Classification of Minerals Based on Their Quantity Requirements

Essential elements are classified as Macro-nutrients, Micronutrients and Unclassified minerals based on their requirements. Essential minerals which are required in higher concentration are called Macronutrients. Essential minerals which are required in less concentration called are as Micronutrients.

Minerals like Sodium, Silicon, Cobalt and Selenium are not included in the list of essential nutrients but are required by some plants, these minerals are placed in the list of unclassified minerals. These minerals play specific roles for example, Silicon is essential for pest resistance, prevent water lodging and aids cell wall formation in Equisetaceae (Equisetum), Cyperaceae and Gramineae (Table 12. 1).

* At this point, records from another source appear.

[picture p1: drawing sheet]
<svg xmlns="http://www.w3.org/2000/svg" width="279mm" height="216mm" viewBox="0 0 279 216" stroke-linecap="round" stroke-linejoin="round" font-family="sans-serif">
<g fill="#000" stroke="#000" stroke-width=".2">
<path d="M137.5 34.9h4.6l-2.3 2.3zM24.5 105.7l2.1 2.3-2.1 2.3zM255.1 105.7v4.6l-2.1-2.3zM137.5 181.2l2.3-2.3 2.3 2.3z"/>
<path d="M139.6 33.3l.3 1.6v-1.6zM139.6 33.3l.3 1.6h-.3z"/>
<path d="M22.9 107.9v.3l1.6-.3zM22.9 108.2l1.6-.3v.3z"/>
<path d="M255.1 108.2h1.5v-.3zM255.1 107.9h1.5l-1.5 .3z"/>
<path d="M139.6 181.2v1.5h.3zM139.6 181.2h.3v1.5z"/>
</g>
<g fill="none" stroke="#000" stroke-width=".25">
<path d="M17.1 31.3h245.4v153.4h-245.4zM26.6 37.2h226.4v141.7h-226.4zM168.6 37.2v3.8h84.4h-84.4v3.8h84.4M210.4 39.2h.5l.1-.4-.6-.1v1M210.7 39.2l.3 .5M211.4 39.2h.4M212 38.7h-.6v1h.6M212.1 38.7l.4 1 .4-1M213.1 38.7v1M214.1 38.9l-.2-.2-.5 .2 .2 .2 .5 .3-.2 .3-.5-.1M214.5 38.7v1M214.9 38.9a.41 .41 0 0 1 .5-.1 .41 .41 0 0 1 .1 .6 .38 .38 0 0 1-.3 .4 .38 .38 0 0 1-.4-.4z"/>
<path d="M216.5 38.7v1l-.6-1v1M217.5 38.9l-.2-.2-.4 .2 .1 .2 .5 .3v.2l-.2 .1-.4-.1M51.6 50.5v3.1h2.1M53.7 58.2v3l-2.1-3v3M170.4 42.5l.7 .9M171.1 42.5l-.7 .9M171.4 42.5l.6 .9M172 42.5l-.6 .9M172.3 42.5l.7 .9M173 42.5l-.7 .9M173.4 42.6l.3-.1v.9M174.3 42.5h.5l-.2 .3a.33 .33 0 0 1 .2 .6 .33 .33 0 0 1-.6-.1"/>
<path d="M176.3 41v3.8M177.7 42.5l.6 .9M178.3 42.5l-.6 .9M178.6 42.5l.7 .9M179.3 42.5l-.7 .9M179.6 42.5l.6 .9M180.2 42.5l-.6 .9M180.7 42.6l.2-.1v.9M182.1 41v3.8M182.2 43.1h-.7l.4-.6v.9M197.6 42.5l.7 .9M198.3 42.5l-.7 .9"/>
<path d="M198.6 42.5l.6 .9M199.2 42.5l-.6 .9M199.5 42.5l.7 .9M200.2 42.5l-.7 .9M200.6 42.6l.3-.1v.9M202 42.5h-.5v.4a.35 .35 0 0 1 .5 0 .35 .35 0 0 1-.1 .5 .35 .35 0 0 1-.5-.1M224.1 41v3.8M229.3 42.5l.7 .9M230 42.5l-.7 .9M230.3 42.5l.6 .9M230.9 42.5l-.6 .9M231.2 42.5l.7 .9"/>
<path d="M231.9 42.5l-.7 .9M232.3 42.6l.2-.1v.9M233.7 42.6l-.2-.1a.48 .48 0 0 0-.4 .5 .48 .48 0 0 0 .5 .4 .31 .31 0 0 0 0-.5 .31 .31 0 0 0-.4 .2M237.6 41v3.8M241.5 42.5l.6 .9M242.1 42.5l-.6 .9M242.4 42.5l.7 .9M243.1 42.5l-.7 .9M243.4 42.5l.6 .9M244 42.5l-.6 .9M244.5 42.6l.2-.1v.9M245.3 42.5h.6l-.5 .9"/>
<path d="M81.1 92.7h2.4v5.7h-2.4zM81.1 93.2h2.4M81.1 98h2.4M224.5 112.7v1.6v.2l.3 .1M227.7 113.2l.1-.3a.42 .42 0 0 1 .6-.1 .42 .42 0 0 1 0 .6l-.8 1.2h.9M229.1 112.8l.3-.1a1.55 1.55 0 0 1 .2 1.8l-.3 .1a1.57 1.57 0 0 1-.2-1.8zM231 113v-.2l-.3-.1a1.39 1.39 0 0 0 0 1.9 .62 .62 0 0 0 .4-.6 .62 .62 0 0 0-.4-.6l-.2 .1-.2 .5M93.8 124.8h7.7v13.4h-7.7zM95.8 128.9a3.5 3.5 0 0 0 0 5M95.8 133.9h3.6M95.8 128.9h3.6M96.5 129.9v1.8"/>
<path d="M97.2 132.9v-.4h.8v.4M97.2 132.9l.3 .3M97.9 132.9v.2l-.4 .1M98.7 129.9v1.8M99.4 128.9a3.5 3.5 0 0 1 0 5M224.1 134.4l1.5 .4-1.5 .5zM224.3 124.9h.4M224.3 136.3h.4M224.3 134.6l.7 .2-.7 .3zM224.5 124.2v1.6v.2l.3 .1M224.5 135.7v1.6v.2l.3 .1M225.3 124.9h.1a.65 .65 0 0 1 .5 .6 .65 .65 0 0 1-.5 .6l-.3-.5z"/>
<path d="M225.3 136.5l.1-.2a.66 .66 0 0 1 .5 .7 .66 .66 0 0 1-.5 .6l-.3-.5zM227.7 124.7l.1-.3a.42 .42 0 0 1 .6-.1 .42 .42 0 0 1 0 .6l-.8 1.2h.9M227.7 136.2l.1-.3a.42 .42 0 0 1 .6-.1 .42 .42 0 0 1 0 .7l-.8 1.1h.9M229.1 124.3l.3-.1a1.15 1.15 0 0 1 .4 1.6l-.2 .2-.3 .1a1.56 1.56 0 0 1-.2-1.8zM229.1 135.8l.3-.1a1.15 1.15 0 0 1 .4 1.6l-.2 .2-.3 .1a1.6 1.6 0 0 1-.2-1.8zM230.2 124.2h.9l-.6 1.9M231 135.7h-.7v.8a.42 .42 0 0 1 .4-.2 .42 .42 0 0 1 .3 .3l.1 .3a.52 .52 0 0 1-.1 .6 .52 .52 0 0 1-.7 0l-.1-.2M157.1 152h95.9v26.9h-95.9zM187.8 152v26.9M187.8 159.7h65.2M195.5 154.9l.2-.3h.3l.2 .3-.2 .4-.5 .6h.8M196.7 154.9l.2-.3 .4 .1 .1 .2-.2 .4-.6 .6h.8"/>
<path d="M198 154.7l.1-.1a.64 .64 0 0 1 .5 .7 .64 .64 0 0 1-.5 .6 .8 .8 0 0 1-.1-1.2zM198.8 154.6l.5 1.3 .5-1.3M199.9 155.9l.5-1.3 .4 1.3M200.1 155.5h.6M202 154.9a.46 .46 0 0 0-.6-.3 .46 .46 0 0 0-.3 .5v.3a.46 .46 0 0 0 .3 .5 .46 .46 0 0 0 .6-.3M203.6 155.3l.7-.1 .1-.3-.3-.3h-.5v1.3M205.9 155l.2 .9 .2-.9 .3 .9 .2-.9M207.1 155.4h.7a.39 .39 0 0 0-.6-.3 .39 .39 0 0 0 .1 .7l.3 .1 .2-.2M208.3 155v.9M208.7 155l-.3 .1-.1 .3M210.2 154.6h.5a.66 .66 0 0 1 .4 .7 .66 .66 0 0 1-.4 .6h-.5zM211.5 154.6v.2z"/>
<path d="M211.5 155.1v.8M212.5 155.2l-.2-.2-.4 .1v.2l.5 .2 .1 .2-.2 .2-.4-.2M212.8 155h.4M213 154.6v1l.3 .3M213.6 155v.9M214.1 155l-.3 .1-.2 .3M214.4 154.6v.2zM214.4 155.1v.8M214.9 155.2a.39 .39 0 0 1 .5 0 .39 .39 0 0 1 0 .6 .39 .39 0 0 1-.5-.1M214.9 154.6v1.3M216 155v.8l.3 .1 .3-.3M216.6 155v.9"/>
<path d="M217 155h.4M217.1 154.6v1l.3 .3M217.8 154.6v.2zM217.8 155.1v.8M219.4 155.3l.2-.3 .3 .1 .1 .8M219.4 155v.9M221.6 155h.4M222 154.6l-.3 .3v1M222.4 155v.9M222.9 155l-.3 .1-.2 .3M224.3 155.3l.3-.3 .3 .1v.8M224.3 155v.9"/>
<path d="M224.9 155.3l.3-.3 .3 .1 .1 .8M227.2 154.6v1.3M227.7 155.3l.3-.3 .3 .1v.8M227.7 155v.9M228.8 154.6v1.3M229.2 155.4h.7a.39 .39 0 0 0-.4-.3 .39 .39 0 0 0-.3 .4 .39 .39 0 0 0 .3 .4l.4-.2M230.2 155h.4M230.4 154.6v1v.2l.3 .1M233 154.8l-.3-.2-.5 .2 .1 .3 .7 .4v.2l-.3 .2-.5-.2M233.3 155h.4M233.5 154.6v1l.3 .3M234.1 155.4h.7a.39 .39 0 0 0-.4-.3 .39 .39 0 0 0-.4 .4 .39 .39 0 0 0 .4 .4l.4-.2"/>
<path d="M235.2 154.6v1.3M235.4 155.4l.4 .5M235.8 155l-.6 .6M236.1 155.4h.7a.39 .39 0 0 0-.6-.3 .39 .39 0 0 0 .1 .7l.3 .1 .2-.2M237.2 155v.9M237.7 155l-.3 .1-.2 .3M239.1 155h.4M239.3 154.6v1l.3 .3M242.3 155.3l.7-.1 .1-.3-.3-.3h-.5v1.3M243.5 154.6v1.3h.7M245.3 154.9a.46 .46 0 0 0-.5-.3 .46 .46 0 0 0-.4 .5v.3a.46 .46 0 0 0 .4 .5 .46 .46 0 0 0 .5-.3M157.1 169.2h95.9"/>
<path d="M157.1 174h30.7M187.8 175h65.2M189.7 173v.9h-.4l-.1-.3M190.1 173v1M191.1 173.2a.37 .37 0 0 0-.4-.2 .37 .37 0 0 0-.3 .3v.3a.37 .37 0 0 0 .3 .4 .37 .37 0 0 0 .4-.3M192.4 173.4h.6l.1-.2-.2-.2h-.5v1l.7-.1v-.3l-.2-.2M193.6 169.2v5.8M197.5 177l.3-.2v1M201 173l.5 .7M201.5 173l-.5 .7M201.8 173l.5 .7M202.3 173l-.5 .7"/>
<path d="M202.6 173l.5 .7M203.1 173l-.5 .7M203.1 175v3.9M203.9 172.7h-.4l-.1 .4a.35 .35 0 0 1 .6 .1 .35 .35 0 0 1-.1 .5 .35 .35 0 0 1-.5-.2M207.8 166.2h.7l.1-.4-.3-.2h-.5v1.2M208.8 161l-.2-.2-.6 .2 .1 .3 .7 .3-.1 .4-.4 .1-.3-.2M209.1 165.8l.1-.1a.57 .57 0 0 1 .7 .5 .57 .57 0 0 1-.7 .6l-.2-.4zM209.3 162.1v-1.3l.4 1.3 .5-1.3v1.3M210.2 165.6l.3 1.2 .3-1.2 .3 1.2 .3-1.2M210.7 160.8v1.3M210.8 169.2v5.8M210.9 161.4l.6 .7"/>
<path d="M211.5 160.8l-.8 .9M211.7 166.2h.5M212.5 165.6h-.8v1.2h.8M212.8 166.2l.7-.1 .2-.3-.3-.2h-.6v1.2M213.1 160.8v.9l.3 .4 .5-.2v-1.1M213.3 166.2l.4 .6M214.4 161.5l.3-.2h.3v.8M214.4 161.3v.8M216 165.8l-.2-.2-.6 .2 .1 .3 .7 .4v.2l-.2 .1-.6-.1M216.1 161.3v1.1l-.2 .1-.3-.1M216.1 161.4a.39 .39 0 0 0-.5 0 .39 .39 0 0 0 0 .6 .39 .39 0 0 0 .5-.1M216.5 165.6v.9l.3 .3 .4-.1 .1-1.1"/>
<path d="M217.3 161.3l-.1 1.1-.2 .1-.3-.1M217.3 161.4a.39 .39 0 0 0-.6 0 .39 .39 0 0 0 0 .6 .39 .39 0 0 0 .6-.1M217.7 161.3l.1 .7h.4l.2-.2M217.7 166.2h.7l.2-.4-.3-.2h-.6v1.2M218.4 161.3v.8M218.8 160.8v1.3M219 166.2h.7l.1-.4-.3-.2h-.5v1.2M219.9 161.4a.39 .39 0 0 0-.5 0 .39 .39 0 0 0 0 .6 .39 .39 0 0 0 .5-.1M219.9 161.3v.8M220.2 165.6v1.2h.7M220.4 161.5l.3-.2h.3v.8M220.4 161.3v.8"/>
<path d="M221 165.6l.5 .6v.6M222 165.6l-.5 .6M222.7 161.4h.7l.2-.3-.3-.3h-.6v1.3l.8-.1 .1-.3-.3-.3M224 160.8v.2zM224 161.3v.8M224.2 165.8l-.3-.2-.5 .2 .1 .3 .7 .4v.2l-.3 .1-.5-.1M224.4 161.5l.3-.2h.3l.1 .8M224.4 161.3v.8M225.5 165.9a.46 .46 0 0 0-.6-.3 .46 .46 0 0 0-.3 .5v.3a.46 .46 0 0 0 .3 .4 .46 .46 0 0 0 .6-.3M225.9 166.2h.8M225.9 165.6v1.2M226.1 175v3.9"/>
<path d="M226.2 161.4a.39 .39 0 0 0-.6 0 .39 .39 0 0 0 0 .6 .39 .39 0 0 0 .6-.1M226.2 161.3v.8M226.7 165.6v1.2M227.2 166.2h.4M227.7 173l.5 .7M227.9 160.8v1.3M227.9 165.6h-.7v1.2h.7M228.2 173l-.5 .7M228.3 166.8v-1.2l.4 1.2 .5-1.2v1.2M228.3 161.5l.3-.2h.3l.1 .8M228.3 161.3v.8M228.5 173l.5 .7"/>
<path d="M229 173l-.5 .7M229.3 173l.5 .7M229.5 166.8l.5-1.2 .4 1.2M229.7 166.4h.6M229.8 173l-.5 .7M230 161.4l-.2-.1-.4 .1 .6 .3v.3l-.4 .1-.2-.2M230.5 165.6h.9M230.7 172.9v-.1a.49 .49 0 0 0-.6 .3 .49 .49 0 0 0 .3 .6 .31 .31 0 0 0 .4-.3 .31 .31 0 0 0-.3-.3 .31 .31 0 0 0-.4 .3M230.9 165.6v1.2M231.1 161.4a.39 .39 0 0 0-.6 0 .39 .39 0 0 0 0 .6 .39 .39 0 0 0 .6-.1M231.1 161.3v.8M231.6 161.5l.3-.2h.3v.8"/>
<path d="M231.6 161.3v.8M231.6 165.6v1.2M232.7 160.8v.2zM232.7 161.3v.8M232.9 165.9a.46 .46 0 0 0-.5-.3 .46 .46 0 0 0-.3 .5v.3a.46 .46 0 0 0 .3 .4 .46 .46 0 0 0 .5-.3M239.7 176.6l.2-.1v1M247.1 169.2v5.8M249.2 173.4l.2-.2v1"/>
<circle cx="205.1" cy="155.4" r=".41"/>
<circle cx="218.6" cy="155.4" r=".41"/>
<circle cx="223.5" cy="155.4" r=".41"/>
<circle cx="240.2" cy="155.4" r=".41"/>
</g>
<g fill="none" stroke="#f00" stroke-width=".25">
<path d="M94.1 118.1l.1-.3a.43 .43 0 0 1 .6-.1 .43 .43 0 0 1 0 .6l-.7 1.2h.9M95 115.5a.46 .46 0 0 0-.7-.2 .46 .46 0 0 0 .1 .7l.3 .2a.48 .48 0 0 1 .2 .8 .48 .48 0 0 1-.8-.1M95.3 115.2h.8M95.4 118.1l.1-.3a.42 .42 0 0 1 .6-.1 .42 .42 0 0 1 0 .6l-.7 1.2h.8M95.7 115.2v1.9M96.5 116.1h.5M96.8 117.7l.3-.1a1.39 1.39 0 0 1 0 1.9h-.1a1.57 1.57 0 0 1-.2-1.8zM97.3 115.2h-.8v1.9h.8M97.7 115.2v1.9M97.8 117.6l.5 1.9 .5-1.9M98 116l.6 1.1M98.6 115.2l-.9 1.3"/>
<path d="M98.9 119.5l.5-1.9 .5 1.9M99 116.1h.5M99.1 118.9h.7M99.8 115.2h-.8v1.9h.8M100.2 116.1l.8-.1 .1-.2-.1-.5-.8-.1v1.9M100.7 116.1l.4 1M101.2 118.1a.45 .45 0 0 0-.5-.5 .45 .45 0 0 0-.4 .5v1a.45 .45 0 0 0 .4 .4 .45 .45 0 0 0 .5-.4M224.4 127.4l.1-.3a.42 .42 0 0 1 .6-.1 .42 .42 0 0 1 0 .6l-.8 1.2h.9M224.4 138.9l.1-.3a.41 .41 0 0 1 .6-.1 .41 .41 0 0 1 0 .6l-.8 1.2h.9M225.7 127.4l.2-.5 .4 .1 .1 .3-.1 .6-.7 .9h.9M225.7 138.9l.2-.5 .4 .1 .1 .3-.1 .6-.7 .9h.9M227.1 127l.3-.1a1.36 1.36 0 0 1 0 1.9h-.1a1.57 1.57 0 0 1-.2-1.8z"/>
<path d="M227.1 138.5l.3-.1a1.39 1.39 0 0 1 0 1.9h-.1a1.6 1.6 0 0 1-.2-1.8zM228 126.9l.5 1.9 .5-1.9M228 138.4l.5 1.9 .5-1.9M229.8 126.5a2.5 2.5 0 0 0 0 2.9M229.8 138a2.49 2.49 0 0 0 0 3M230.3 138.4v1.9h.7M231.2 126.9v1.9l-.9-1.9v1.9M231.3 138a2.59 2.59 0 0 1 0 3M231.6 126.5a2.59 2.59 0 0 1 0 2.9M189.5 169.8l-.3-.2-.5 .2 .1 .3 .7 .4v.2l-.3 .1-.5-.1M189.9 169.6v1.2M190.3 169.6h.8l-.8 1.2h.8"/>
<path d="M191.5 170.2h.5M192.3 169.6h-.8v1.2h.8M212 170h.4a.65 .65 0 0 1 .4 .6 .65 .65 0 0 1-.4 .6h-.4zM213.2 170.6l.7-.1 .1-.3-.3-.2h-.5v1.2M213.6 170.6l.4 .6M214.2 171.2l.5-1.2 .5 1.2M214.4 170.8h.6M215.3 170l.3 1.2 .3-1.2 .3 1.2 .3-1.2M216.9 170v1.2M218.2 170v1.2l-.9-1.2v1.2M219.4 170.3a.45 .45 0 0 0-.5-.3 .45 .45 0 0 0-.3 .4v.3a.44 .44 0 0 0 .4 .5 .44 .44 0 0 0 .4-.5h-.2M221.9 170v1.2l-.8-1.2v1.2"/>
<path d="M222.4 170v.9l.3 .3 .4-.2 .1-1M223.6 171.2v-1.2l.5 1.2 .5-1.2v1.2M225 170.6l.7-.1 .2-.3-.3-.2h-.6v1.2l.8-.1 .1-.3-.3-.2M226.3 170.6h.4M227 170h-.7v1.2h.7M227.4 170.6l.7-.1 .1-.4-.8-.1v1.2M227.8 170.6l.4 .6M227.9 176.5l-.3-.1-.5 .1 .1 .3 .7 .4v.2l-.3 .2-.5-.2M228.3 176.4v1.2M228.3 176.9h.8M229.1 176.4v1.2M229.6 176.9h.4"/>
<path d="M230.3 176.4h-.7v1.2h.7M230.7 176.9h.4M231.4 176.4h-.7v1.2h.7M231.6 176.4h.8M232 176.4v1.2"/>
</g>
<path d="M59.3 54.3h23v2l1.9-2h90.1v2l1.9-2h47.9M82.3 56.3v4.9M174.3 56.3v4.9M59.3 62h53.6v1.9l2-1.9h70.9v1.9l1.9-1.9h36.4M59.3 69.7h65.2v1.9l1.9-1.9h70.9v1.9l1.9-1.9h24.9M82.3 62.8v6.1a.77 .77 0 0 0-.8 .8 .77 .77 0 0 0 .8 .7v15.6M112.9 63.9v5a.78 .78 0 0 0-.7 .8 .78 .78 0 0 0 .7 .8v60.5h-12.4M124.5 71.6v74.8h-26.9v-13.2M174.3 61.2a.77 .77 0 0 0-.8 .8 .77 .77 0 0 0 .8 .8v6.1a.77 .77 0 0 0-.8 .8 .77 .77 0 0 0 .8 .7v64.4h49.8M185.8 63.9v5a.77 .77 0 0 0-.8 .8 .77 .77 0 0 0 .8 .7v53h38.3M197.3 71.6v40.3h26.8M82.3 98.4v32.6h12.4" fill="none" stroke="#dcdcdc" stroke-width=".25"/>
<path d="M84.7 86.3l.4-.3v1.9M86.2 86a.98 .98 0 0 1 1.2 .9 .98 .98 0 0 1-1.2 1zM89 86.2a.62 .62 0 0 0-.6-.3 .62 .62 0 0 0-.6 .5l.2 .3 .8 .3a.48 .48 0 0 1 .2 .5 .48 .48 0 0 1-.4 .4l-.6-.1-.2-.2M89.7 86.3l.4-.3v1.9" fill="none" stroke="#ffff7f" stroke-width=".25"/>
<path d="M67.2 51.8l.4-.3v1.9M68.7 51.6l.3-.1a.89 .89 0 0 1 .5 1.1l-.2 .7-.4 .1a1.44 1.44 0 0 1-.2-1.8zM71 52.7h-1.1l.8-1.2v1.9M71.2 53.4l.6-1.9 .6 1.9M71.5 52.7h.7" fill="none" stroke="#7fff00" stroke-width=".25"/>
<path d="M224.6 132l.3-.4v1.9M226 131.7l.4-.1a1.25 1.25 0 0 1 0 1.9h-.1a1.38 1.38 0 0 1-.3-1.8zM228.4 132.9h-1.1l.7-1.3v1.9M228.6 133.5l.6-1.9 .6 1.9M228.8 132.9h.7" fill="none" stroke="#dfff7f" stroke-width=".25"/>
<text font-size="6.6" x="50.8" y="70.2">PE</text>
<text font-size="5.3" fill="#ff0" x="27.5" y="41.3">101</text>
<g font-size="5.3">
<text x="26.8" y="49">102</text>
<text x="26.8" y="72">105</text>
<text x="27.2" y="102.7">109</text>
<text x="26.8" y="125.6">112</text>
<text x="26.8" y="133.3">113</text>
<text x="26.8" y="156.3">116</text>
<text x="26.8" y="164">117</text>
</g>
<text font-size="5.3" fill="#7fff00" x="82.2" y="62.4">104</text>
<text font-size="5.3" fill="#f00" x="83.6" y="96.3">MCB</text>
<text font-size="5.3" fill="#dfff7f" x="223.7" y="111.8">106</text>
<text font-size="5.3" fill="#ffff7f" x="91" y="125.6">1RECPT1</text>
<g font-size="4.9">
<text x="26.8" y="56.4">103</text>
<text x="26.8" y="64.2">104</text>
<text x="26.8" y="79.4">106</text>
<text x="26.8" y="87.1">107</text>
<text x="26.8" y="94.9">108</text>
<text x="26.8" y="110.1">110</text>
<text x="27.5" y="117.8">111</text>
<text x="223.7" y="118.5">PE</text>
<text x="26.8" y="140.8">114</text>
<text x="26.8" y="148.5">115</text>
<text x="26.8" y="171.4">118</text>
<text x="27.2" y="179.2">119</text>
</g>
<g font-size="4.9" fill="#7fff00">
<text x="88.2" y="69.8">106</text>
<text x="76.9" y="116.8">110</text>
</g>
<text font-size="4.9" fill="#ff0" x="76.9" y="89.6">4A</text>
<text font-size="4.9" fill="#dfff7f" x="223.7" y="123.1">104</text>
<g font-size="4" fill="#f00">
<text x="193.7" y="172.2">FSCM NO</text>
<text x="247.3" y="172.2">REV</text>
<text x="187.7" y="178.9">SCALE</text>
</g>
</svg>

Classification of Minerals Based on Mobility

If you observe where the deficiency symptoms appear first, you can notice differences in old and younger leaves. It is mainly due to mobility of minerals. Based on this, they are classified into:-

• Actively mobile minerals and
• Relatively immobile minerals (Figure 12.1).

Actively Mobile Minerals

Nitrogen, Phosphorus, Potassium, Magnesium, Chlorine, Sodium, Zinc and Molybdenum. Deficiency symptoms first appear on old and senescent leaves due to active movement of minerals to younger leaves.

Relatively Immobile Minerals

Calcium, Sulphur, Iron, Boron and Copper shows deficiency symptoms first that appear on young leaves due to the immobile nature of minerals.

Classification of Minerals Based on their Functions

Structural Component Minerals:
Minerals like Carbon, Hydrogen, Oxygen and Nitrogen

Enzyme Function:
Molybdenum (Mo) is essential for nitrogenase enzyme during reduction of atmospheric nitrogen into ammonia. Zinc (Zn) is an important activator for alcohol dehydrogenase and carbonic anhydrase. Magnesium (Mg) is the activator for RUBP carboxylaseoxygenase and PEP carboxylase. Nickel (Ni) is a constituent of urease and hydrogenase.

Osmotic Potential:
Potassium (K) plays a key role in maintaining osmotic potential of the cell. The absorption of water, movement of stomata and turgidity are due to osmotic potential.

Energy Components:
Magnesium (Mg) in chlorophyll and phosphorous (P) in ATP.